» Exercise details
Please take the lines from the one holding "Line((206.5009656854, 19.1505365685), (206.5009656854, 19.0004))" through the one holding "19.1501365685), (323.4990343146, 19.1505365685))" in the data below and copy them exactly.

» Stored items from a collection
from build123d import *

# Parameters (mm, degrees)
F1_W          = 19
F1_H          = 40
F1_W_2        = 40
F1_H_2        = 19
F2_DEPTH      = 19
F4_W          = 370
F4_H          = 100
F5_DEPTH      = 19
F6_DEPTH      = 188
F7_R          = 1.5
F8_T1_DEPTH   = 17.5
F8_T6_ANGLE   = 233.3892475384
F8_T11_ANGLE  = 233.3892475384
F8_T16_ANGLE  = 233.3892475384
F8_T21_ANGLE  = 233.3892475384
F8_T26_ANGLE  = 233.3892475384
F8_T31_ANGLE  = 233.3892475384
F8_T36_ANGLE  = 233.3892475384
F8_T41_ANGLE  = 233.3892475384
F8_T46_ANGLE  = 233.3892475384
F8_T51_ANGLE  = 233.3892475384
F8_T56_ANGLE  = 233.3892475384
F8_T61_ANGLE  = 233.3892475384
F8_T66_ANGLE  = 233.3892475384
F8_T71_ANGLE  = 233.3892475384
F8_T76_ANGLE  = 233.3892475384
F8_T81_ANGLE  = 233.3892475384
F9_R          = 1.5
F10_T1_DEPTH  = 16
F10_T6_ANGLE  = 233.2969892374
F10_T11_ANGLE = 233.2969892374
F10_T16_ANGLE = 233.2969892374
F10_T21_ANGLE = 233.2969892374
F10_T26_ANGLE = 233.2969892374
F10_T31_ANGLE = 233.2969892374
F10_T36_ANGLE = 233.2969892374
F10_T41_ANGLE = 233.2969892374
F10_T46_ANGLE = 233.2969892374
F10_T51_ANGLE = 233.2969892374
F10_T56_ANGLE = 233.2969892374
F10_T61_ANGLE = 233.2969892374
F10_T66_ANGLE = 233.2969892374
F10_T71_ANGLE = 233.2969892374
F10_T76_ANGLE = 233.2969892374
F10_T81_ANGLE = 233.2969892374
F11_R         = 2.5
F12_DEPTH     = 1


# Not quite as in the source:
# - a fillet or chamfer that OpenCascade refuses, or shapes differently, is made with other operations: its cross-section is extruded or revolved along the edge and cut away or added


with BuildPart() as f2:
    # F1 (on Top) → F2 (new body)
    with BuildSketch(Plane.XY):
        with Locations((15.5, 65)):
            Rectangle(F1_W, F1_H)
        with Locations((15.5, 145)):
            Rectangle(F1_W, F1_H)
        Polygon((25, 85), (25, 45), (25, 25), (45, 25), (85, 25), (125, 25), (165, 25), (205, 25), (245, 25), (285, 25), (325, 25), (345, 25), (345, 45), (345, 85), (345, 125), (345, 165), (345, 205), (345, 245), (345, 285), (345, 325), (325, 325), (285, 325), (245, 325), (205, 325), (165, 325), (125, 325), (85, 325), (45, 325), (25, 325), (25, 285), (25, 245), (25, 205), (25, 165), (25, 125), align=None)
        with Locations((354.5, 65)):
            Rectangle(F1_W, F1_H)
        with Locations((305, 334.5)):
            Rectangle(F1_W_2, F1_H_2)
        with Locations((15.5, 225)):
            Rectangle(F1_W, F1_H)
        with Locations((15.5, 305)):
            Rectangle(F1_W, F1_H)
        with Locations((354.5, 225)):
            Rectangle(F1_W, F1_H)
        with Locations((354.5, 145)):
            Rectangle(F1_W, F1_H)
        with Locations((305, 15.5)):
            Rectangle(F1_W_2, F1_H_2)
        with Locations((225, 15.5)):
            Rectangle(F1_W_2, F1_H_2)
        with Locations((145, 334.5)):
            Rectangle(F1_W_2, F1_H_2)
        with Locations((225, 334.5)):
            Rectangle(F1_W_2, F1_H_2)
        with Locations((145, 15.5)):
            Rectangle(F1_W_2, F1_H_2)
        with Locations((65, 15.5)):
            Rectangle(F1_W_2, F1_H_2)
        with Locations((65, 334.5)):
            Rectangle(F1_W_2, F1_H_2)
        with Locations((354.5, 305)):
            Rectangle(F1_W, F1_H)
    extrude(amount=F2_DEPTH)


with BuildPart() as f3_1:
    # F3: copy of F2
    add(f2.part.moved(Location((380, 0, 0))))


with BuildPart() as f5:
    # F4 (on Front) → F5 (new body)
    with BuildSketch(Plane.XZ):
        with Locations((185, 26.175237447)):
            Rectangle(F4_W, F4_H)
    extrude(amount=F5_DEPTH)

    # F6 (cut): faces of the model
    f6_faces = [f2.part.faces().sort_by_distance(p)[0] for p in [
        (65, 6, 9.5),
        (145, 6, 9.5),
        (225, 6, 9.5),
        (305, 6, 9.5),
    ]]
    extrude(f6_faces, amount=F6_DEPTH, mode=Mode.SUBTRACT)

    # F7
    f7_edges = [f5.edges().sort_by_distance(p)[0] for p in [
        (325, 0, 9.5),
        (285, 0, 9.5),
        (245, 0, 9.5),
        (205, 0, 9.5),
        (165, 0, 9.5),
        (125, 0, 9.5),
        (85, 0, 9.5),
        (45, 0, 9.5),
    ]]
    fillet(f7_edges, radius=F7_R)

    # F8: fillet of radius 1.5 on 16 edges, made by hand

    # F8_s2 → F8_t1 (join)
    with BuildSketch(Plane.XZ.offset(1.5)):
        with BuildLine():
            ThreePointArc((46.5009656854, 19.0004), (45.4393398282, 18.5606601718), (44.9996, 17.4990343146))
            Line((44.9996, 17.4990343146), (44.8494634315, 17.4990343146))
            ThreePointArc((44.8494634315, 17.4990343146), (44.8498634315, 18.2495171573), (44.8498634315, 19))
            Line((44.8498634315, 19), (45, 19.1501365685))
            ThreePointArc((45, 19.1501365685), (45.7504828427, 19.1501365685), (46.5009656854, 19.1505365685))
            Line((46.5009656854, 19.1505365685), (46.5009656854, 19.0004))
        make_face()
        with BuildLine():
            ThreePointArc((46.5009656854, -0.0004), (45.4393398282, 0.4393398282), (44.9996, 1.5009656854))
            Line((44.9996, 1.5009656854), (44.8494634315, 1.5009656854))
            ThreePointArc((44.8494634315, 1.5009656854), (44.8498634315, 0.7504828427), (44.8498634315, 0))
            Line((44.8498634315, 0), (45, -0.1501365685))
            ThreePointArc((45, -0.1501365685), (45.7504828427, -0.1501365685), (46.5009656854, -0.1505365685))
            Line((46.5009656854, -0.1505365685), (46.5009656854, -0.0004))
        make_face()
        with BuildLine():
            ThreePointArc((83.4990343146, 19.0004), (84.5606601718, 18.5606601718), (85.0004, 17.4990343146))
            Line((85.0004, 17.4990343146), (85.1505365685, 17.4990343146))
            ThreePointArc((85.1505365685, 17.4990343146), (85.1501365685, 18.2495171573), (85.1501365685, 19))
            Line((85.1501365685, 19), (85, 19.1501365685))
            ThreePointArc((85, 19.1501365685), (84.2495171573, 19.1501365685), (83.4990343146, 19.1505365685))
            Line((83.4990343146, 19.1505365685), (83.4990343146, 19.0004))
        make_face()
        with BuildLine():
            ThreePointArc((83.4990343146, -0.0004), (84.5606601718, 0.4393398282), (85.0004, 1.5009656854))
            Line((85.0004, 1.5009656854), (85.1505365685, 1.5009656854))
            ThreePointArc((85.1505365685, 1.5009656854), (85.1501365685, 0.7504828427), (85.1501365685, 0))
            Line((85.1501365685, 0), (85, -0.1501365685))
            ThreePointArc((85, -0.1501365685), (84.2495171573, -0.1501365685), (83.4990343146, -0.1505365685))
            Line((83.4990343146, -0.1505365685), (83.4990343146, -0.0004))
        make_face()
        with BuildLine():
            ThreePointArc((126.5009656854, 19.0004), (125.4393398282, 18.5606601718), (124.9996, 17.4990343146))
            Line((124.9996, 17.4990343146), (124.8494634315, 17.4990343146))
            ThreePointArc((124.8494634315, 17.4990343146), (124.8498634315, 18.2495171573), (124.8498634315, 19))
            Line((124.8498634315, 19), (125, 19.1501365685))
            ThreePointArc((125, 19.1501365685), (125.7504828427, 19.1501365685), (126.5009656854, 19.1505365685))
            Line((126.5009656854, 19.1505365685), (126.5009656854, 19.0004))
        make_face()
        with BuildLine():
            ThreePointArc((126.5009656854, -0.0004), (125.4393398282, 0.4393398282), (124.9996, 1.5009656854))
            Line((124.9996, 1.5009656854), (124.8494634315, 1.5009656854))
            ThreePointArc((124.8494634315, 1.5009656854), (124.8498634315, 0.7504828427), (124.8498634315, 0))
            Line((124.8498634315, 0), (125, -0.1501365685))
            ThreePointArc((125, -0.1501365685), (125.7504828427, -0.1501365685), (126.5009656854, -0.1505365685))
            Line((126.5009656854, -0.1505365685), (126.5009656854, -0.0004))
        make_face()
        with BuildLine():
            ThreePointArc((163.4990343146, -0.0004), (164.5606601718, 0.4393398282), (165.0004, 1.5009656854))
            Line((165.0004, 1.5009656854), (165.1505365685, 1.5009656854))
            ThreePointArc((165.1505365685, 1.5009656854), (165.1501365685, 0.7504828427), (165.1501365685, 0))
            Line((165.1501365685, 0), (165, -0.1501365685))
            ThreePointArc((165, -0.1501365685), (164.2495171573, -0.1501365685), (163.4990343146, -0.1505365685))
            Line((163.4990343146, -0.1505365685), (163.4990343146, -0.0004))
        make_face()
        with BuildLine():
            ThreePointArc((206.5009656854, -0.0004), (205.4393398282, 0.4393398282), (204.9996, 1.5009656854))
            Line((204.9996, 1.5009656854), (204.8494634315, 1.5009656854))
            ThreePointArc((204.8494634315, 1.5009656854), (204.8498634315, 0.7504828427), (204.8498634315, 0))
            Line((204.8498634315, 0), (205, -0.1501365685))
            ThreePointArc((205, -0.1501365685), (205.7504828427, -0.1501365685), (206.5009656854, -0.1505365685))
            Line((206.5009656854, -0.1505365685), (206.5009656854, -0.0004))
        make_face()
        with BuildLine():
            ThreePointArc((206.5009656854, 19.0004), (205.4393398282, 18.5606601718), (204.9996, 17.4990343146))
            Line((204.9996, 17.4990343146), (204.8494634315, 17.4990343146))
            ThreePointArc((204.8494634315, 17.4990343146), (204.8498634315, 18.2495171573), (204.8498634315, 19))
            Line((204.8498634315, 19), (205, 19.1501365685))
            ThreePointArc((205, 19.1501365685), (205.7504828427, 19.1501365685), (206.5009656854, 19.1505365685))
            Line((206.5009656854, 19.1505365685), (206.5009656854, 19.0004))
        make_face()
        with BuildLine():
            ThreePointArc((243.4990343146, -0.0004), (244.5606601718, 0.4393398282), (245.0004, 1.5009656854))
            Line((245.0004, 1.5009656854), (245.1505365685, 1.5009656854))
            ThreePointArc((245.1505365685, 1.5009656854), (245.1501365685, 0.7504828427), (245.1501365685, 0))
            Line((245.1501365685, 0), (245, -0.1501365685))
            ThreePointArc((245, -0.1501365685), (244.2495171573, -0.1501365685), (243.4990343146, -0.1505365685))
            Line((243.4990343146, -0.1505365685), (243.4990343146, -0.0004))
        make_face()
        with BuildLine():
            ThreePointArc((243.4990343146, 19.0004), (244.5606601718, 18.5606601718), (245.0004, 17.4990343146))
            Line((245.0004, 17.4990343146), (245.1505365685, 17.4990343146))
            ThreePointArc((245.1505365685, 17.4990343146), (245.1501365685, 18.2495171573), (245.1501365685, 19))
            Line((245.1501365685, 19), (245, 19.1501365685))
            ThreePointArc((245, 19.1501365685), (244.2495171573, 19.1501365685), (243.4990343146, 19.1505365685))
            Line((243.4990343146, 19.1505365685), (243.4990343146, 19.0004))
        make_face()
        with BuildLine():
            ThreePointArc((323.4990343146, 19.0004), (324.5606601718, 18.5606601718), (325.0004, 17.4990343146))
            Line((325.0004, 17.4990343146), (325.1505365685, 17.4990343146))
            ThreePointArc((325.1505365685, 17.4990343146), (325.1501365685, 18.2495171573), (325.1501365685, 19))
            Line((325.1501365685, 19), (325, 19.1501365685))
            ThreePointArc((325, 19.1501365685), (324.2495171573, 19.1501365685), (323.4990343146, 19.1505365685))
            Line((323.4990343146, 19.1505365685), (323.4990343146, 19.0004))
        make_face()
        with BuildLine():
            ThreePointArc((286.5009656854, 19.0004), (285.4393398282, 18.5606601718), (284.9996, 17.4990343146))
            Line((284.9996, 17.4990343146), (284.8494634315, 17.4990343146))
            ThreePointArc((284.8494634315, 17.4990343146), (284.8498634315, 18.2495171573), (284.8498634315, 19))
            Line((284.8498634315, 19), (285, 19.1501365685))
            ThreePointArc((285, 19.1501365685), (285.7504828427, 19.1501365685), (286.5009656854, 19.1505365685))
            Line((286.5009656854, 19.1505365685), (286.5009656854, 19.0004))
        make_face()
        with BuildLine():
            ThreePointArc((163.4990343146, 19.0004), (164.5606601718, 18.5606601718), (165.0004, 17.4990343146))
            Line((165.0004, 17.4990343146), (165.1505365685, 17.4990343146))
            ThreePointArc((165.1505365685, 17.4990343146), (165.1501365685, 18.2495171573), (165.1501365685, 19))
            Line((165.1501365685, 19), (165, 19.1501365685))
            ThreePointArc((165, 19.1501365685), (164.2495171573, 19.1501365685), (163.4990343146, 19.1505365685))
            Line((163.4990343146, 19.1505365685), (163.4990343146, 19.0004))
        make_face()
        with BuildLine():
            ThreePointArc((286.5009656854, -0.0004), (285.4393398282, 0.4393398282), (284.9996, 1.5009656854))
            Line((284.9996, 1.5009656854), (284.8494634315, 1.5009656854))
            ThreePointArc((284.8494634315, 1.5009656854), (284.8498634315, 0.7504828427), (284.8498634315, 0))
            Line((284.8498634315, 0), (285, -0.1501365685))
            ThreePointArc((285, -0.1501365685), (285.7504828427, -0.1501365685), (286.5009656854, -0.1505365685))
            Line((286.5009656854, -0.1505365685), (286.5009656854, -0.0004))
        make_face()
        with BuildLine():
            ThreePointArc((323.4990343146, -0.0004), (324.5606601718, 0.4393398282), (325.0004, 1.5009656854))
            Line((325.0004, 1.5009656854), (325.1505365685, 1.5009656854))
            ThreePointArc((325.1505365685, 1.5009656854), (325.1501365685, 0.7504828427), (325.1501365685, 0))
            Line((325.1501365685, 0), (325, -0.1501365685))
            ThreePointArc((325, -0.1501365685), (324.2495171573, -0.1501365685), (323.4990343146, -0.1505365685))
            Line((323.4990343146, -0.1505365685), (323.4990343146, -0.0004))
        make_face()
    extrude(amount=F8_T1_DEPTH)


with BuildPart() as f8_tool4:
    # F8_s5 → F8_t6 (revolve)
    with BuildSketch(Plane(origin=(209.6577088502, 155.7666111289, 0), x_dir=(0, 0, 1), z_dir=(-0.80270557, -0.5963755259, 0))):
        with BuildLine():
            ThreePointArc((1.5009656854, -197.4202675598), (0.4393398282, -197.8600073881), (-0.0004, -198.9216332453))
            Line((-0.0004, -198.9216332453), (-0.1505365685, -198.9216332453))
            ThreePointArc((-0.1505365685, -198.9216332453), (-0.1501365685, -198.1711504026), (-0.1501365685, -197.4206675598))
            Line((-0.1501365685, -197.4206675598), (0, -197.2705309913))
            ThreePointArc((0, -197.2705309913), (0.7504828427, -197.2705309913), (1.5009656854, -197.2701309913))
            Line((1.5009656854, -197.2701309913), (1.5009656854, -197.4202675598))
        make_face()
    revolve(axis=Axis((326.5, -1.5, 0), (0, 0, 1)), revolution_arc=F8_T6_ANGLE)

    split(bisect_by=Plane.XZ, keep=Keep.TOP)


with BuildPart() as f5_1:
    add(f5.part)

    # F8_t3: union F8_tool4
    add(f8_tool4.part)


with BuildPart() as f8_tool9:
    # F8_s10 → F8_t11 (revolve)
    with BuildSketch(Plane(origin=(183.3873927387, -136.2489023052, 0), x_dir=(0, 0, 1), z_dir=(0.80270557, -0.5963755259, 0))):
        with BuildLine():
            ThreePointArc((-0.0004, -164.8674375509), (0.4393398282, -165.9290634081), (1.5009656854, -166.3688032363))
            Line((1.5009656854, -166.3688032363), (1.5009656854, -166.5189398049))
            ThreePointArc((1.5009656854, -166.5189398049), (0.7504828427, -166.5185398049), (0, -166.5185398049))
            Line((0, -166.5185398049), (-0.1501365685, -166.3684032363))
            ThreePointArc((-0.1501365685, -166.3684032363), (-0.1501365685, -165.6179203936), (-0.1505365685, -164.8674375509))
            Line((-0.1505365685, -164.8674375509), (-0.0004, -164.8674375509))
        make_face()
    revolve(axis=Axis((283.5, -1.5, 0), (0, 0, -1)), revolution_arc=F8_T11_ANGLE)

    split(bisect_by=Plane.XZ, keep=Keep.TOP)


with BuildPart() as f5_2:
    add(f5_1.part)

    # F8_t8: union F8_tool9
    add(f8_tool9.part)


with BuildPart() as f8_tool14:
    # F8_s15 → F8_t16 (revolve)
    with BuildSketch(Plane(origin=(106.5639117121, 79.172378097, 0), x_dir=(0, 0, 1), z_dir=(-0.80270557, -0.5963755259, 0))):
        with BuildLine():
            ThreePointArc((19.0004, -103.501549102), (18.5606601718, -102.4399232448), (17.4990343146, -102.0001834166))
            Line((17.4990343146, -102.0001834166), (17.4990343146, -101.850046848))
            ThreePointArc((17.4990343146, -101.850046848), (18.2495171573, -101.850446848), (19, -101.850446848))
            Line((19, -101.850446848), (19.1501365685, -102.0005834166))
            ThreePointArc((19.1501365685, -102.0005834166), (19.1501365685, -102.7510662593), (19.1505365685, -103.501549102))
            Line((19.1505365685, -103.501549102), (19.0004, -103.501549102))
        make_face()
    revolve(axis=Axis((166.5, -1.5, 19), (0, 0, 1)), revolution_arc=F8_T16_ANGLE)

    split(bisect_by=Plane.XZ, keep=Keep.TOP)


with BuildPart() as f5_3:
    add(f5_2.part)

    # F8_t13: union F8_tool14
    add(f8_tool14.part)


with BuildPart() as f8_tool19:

» Your response
            Line((206.5009656854, 19.1505365685), (206.5009656854, 19.0004))
        make_face()
        with BuildLine():
            ThreePointArc((243.4990343146, -0.0004), (244.5606601718, 0.4393398282), (245.0004, 1.5009656854))
            Line((245.0004, 1.5009656854), (245.1505365685, 1.5009656854))
            ThreePointArc((245.1505365685, 1.5009656854), (245.1501365685, 0.7504828427), (245.1501365685, 0))
            Line((245.1501365685, 0), (245, -0.1501365685))
            ThreePointArc((245, -0.1501365685), (244.2495171573, -0.1501365685), (243.4990343146, -0.1505365685))
            Line((243.4990343146, -0.1505365685), (243.4990343146, -0.0004))
        make_face()
        with BuildLine():
            ThreePointArc((243.4990343146, 19.0004), (244.5606601718, 18.5606601718), (245.0004, 17.4990343146))
            Line((245.0004, 17.4990343146), (245.1505365685, 17.4990343146))
            ThreePointArc((245.1505365685, 17.4990343146), (245.1501365685, 18.2495171573), (245.1501365685, 19))
            Line((245.1501365685, 19), (245, 19.1501365685))
            ThreePointArc((245, 19.1501365685), (244.2495171573, 19.1501365685), (243.4990343146, 19.1505365685))
            Line((243.4990343146, 19.1505365685), (243.4990343146, 19.0004))
        make_face()
        with BuildLine():
            ThreePointArc((323.4990343146, 19.0004), (324.5606601718, 18.5606601718), (325.0004, 17.4990343146))
            Line((325.0004, 17.4990343146), (325.1505365685, 17.4990343146))
            ThreePointArc((325.1505365685, 17.4990343146), (325.1501365685, 18.2495171573), (325.1501365685, 19))
            Line((325.1501365685, 19), (325, 19.1501365685))
            ThreePointArc((325, 19.1501365685), (324.2495171573, 19.1501365685), (323.4990343146, 19.1505365685))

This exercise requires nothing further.